Шрифт:
Интервал:
Закладка:
Как бы то ни было, для криминалистики здесь существенно только одно: в геноме имеются вариабельные участки. Чем бы ни окончилась дискуссия о том, насколько изменчивы полезные участки генома, в нем так или иначе с избытком хватает областей, которые никогда не считываются и не переводятся в свои белковые эквиваленты. Да-да, поразительно большая часть наших генов, по всей видимости, не делает вообще ничего. Следовательно, они могут видоизменяться сколько им угодно, что делает их превосходным материалом для ДНК-дактилоскопии.

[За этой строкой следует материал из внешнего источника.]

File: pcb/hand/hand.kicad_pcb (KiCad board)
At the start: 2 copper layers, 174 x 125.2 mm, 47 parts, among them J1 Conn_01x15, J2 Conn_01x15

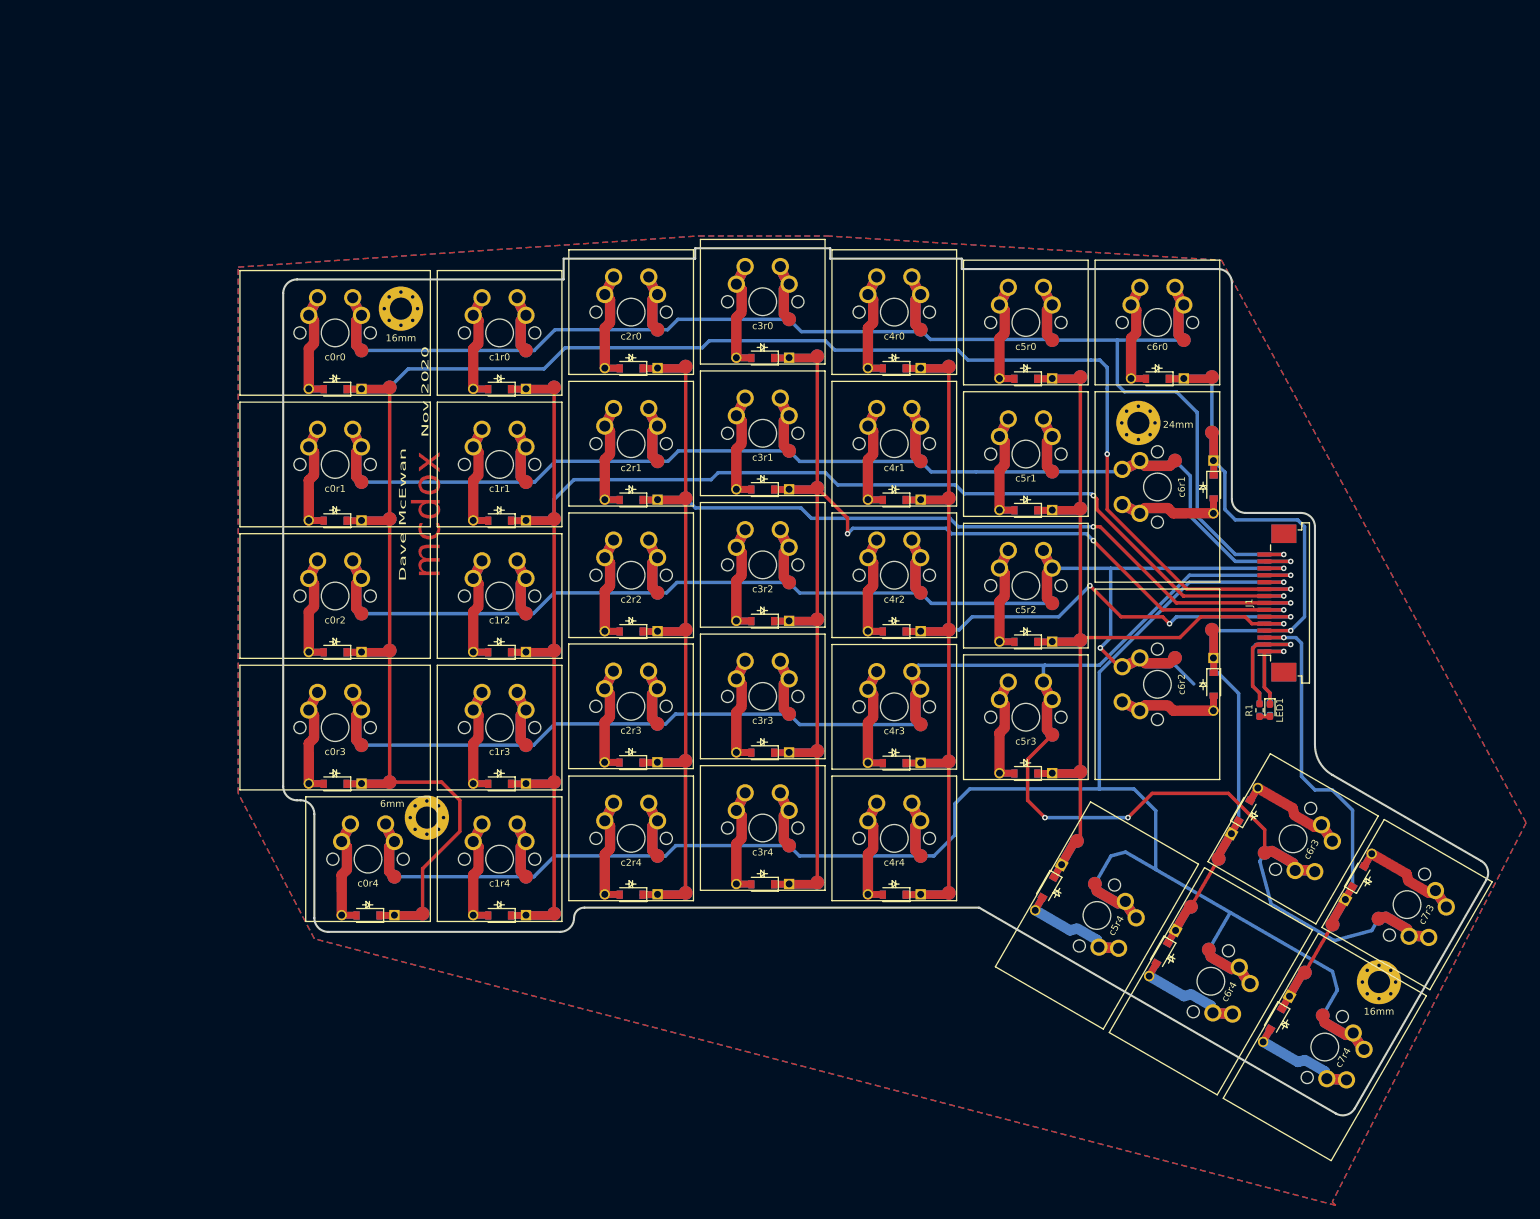
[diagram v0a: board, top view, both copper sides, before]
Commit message: pcb/hand Begin layout and edges.
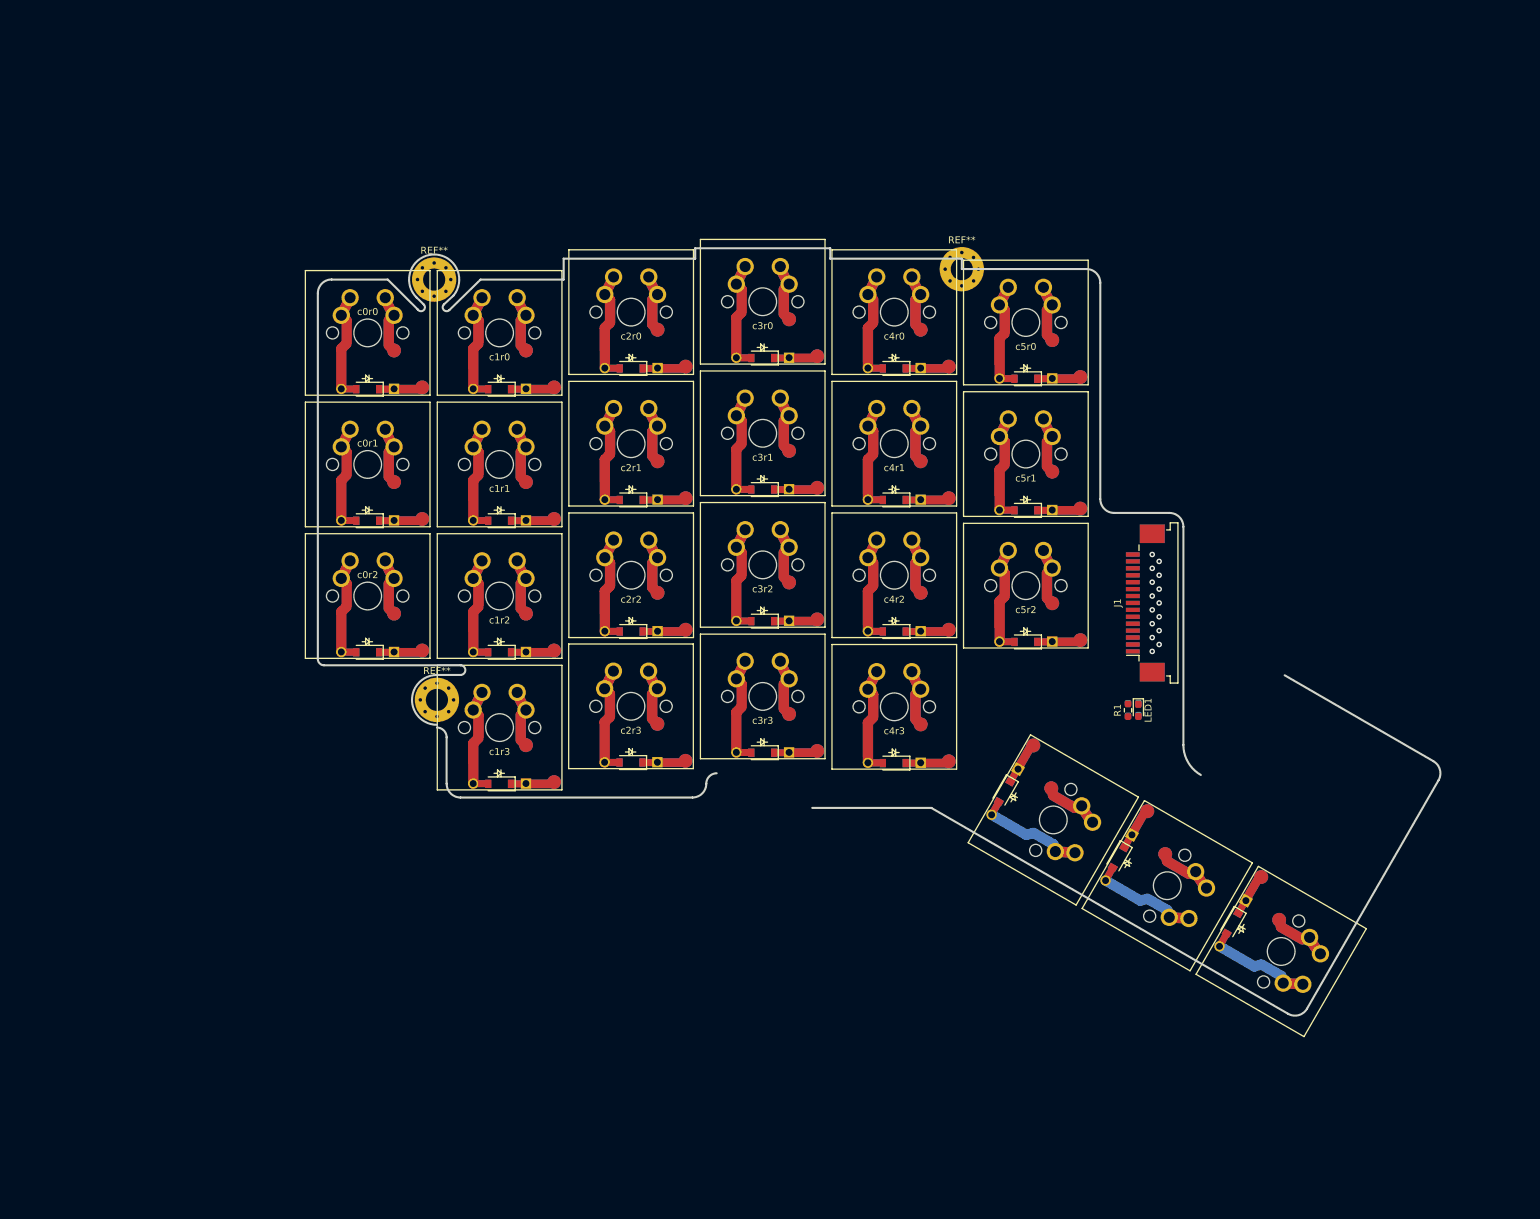
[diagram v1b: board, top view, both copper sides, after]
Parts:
- removed 16mm (x2), 24mm, 6mm: MountingHole_3.2mm_M3_Pad_Via, hand:MountingHole_3.2mm_M3_Pad_Via
- removed c0r3, c5r4, c6r4, c7r4: switchDiode, hand:reversibleMX_15u
- removed c0r4, c1r4, c2r4, c3r4, c4r4, c5r3, c6r0, c7r3: switchDiode, hand:reversibleMX_10u
- added REF**: MountingHole_3.2mm_M3_Pad_Via, hand:MountingHole_3.2mm_M3_Pad_Via, F.Cu at (58.7, 92.0)
- added REF**: MountingHole_3.2mm_M3_Pad_Via, hand:MountingHole_3.2mm_M3_Pad_Via, F.Cu at (134.5, 29.8)
- added REF**: MountingHole_3.2mm_M3_Pad_Via, hand:MountingHole_3.2mm_M3_Pad_Via, F.Cu at (58.3, 31.3)
- R1, R2: value 100 -> 220
- c0r0, c0r1, c0r2: footprint hand:reversibleMX_15u -> hand:reversibleMX_10u
- c6r1, c6r2: footprint hand:reversibleMX_15u -> hand:reversibleMX_10u; moved to B.Cu
- c6r3: moved to B.Cu
- moved c6r1 69.4 mm to (180.6, 128.3), turned to 60 degrees
- moved c6r3 34.7 mm to (147.7, 109.3), turned to 60 degrees
- moved c6r2 29.1 mm to (164.2, 118.8), turned to 60 degrees
- moved J1 19.0 mm to (161.0, 78.0)
- moved J2 19.0 mm to (161.0, 78.0)
- moved LED1 19.0 mm to (160.0, 93.5)
- moved LED2 19.0 mm to (160.0, 93.4)
- moved R1 19.0 mm to (158.5, 93.5)
- moved R2 19.0 mm to (158.5, 93.4)
- moved c0r0 4.70 mm to (48.7, 39.0)
- moved c0r1 4.70 mm to (48.7, 58.0)
- moved c0r2 4.70 mm to (48.7, 77.0)
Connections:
- J1 pad 11: row4 -> Net-(J1-Pad11)
- J1 pad 3: col7 -> Net-(J1-Pad3)
- J2 pad 13: col7 -> Net-(J2-Pad13)
- J2 pad 5: row4 -> Net-(J2-Pad5)
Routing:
- net col0: track 313.4 -> 0.00 mm, vias 2 -> 1
- net row4: track 271.5 -> 0.00 mm
- net row3: track 265.5 -> 0.00 mm, vias 3 -> 1
- net col1: track 261.9 -> 0.00 mm, vias 2 -> 1
- net col2: track 238.5 -> 0.00 mm, vias 2 -> 1
- net col3: track 220.5 -> 0.00 mm, vias 3 -> 1
- net row0: track 206.9 -> 0.00 mm
- net col4: track 199.6 -> 0.00 mm, vias 3 -> 1
- net row2: track 191.9 -> 0.00 mm, vias 2 -> 1
- net row1: track 174.9 -> 0.00 mm
- net col5: track 164.6 -> 0.00 mm
- net col6: track 152.3 -> 0.00 mm
- net col7: track 80.6 -> 0.00 mm
- net +3V3: track 28.3 -> 0.00 mm
- net GND: track 21.4 -> 0.00 mm
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- removed copper zone on B.Cu, net (none)
- removed copper zone on F.Cu, net (none)
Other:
- board size 174 x 125.2 mm -> 162.1 x 110.8 mm
- board text removed: "Dave McEwan"
- board text removed: "Nov 2020"
- board text removed: "c0r5"
- board text removed: "c0r6"
- board text removed: "c1r5"
- board text removed: "c2r5"
- board text removed: "c3r5"
- board text removed: "c4r5"
- board text removed: "c5r5"
- board text removed: "c5r6"
- board text removed: "c6r5"
- board text removed: "c6r6"
- board text removed: "c6r7"
- board text removed: "c6r8"
- board text removed: "c6r9"
- board text removed: "c7r5"
- board text removed: "c7r6"

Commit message: pcb/hand Layout finger cluster.
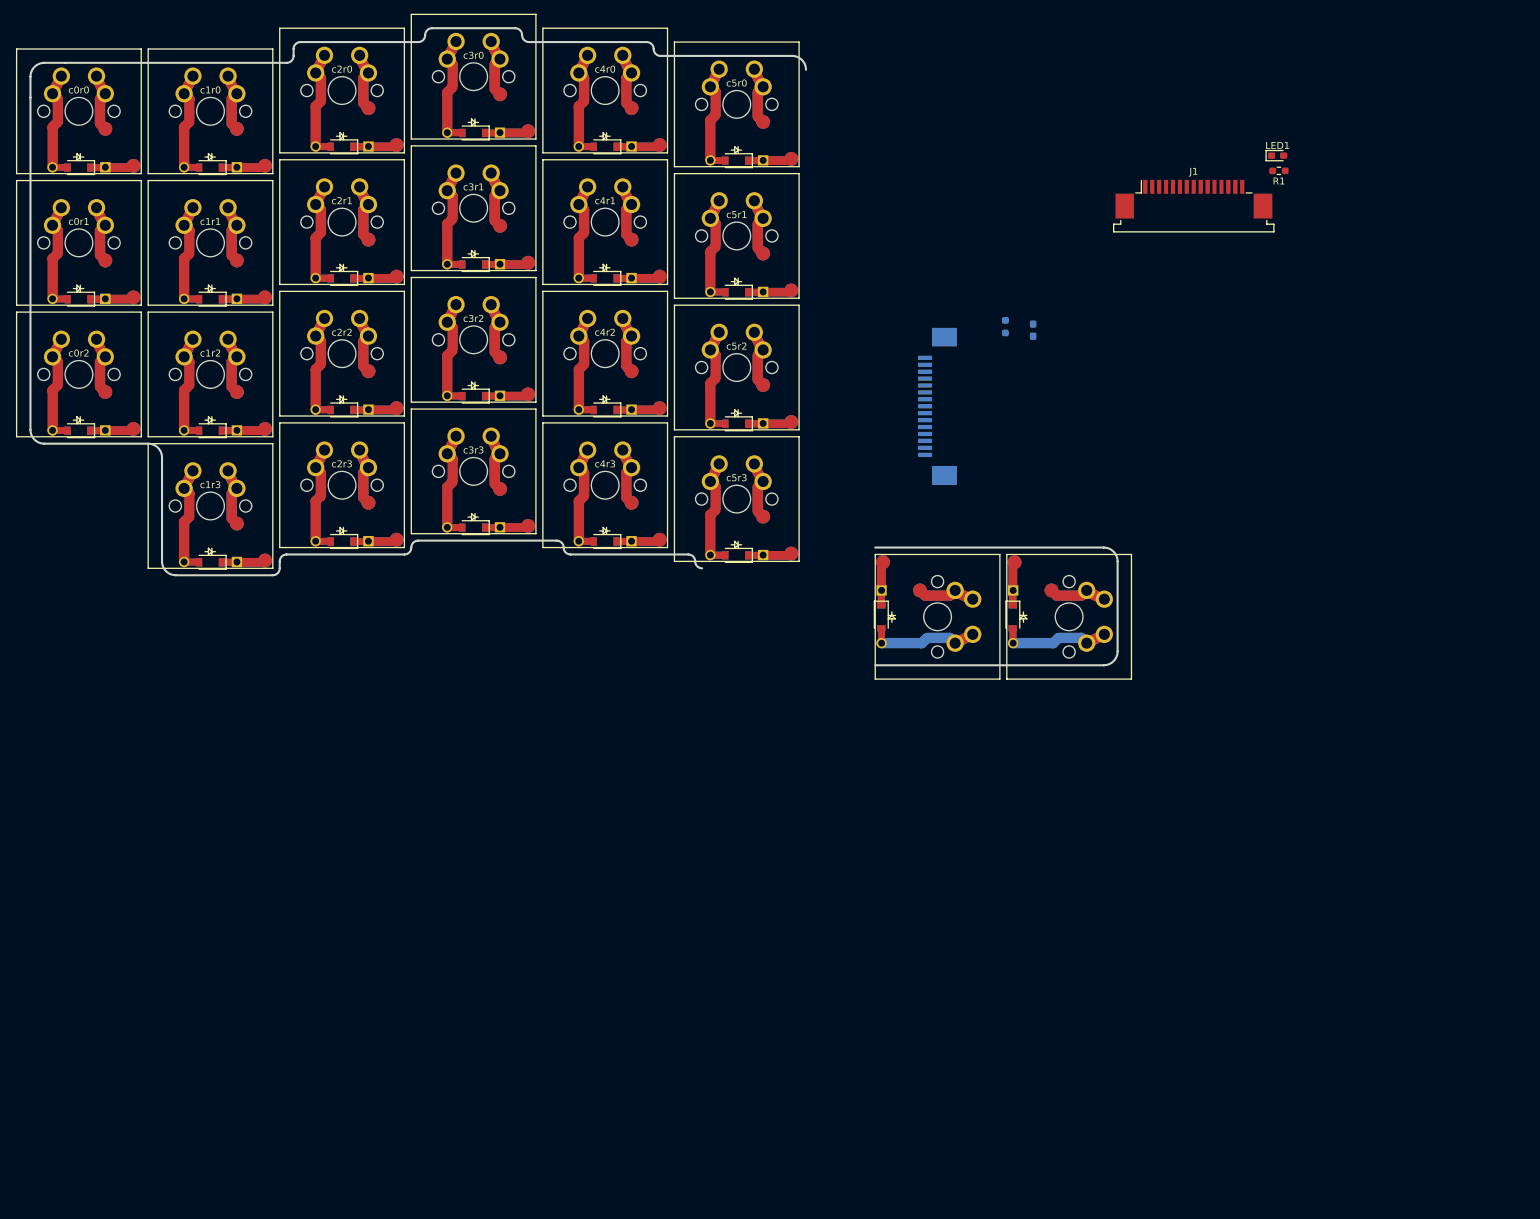
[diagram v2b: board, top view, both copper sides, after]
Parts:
- removed REF** (x3): MountingHole_3.2mm_M3_Pad_Via, hand:MountingHole_3.2mm_M3_Pad_Via
- removed c6r1: switchDiode, hand:reversibleMX_10u
- added c5r3: switchDiode, hand:reversibleMX_10u, F.Cu at (102.0, 63.0)
- moved LED1 82.6 mm to (180.1, 13.4), turned to 0 degrees
- moved R1 80.9 mm to (180.3, 15.6), turned to 0 degrees
- moved J1 58.7 mm to (168.0, 19.7), turned to 0 degrees
- moved R2 58.1 mm to (140.8, 38.1)
- moved LED2 56.8 mm to (144.8, 38.6)
- moved c3r0 52.9 mm to (64.0, 2.00)
- moved c3r1 52.9 mm to (64.0, 21.0)
- moved c3r2 52.9 mm to (64.0, 40.0)
- moved c3r3 52.9 mm to (64.0, 59.0)
- moved c1r0 52.6 mm to (26.0, 7.00)
- moved c1r1 52.6 mm to (26.0, 26.0)
- moved c1r2 52.6 mm to (26.0, 45.0)
- moved c1r3 52.6 mm to (26.0, 64.0)
- moved c2r0 52.6 mm to (45.0, 4.00)
- moved c2r1 52.6 mm to (45.0, 23.0)
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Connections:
- J1 pad 11: Net-(J1-Pad11) -> (no net)
- J1 pad 3: Net-(J1-Pad3) -> (no net)
- J2 pad 13: Net-(J2-Pad13) -> (no net)
- J2 pad 5: Net-(J2-Pad5) -> (no net)
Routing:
- net row4: vias 1 -> 0
- net row3: vias 1 -> 0
- net row2: vias 1 -> 0
- net row1: vias 1 -> 0
- net row0: vias 1 -> 0
- net col7: vias 1 -> 0
- net col6: vias 1 -> 0
- net col5: vias 1 -> 0
- net col4: vias 1 -> 0
- net col3: vias 1 -> 0
- net col2: vias 1 -> 0
- net col1: vias 1 -> 0
- net col0: vias 1 -> 0
- net GND: vias 1 -> 0
- net +3V3: vias 1 -> 0
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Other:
- board size 162.1 x 110.8 mm -> 157 x 92 mm
- board text removed: "c0r7"
- board text removed: "c0r8"
- board text removed: "c0r9"
- board text removed: "c1r6"
- board text removed: "c1r7"
- board text removed: "c1r8"
- board text removed: "c1r9"
- board text removed: "c2r6"
- board text removed: "c2r7"
- board text removed: "c2r8"
- board text removed: "c2r9"
- board text removed: "c3r6"
- board text removed: "c3r7"
- board text removed: "c3r8"
- board text removed: "c3r9"
- board text removed: "c4r6"
- board text removed: "c4r7"
- board text removed: "c4r8"
- board text removed: "c4r9"
- board text removed: "c5r7"
- board text removed: "c5r8"
- board text removed: "c5r9"

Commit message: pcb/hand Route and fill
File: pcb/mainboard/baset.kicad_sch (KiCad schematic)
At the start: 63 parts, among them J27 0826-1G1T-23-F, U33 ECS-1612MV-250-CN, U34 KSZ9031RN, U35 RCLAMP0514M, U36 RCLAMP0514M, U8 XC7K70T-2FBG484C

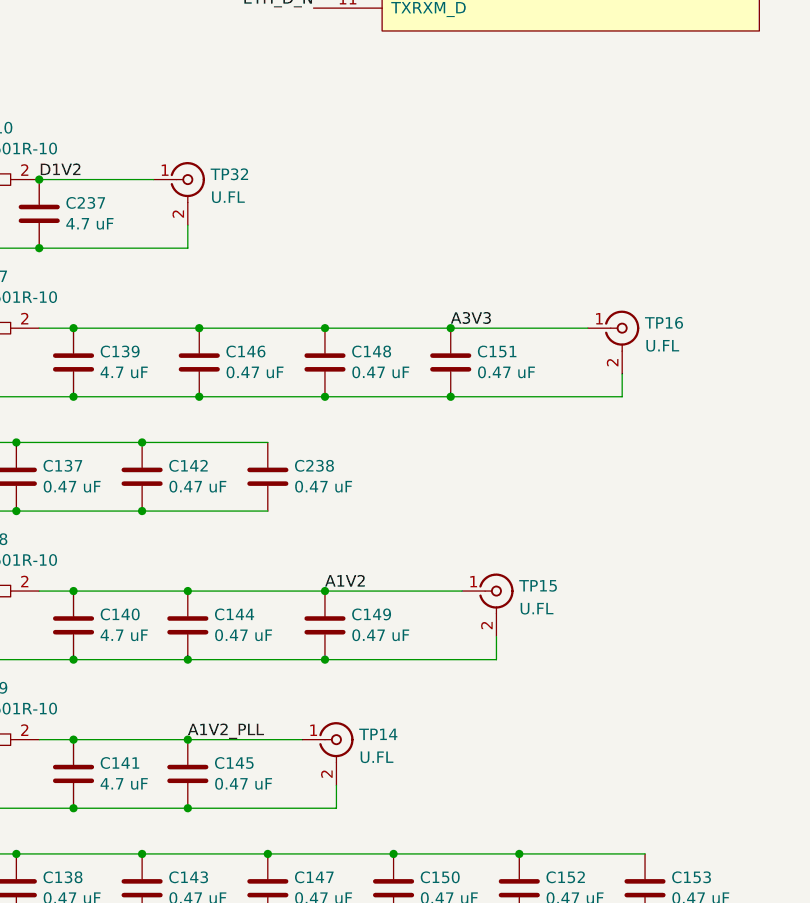
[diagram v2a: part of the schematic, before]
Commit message: Updated schematic with some notes on rework
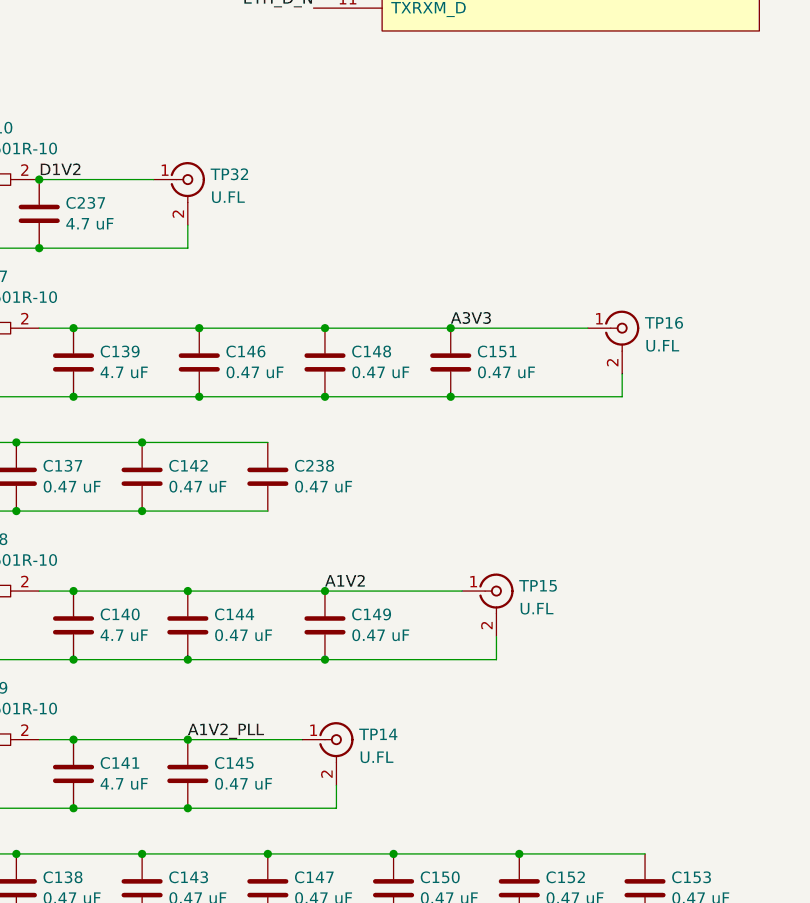
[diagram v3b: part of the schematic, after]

Как будто чтобы специально продемонстрировать нам, что значительная часть ДНК не несет никакой пользы, абсолютное содержание ДНК в клетках организмов разных видов различается самым чудовищным образом. Поскольку информация, записанная в ДНК, является цифровой, мы можем измерить ее в единицах, подобных тем, в каких измеряется информация, хранящаяся в компьютере. Одного бита информации достаточно для обозначения единичного выбора по принципу «да — нет»: 1 или 0, «истина» или «ложь». У компьютера, на котором я печатаю эти строки, 256 мегабит (32 мегабайта) оперативной памяти. (Мой самый первый компьютер был более громоздкой штуковиной, и однако же емкость памяти у него была в пять тысяч раз меньше.) Соответствующей фундаментальной единицей информации ДНК служит азотистое основание нуклеотида. Поскольку возможных разновидностей этих оснований четыре, количество информации, содержащейся в одном основании, эквивалентно 2 битам. Размер генома Escherichia coli — типичной бактерии из нашего кишечника — равен 4 мегабазам (миллионам пар оснований), или 8 мегабитам. А у гребенчатого тритона, Triturus cristatus, геном величиной в 40 000 мегабит. Эта 5000-кратная разница между бактерией и гребенчатым тритоном примерно соответствует разнице между самым первым моим компьютером и нынешним. У нас, людей, геном состоит из 3000 мегабаз, или 6000 мегабит. Это в 750 раз больше, чем у бактерии (что льстит нашему самолюбию), но как быть с тритоном, обставившим нас шестикратно? Хотелось бы думать, что размер генома и его функциональность не находятся в строгой пропорциональной зависимости и значительная часть генома у этого вида тритона попросту ничего не делает. Несомненно, так оно и есть. И то же самое справедливо и для большей части нашей с вами ДНК. Имеются различные подтверждения тому, что только около 2 % от 3000 мегабаз человеческого генома используется для синтеза закодированных в нем белков. Остальное нередко называют мусорной ДНК. У гребенчатого тритона, по-видимому, содержание мусорной ДНК еще выше, чем у нас. У других тритонов — нет.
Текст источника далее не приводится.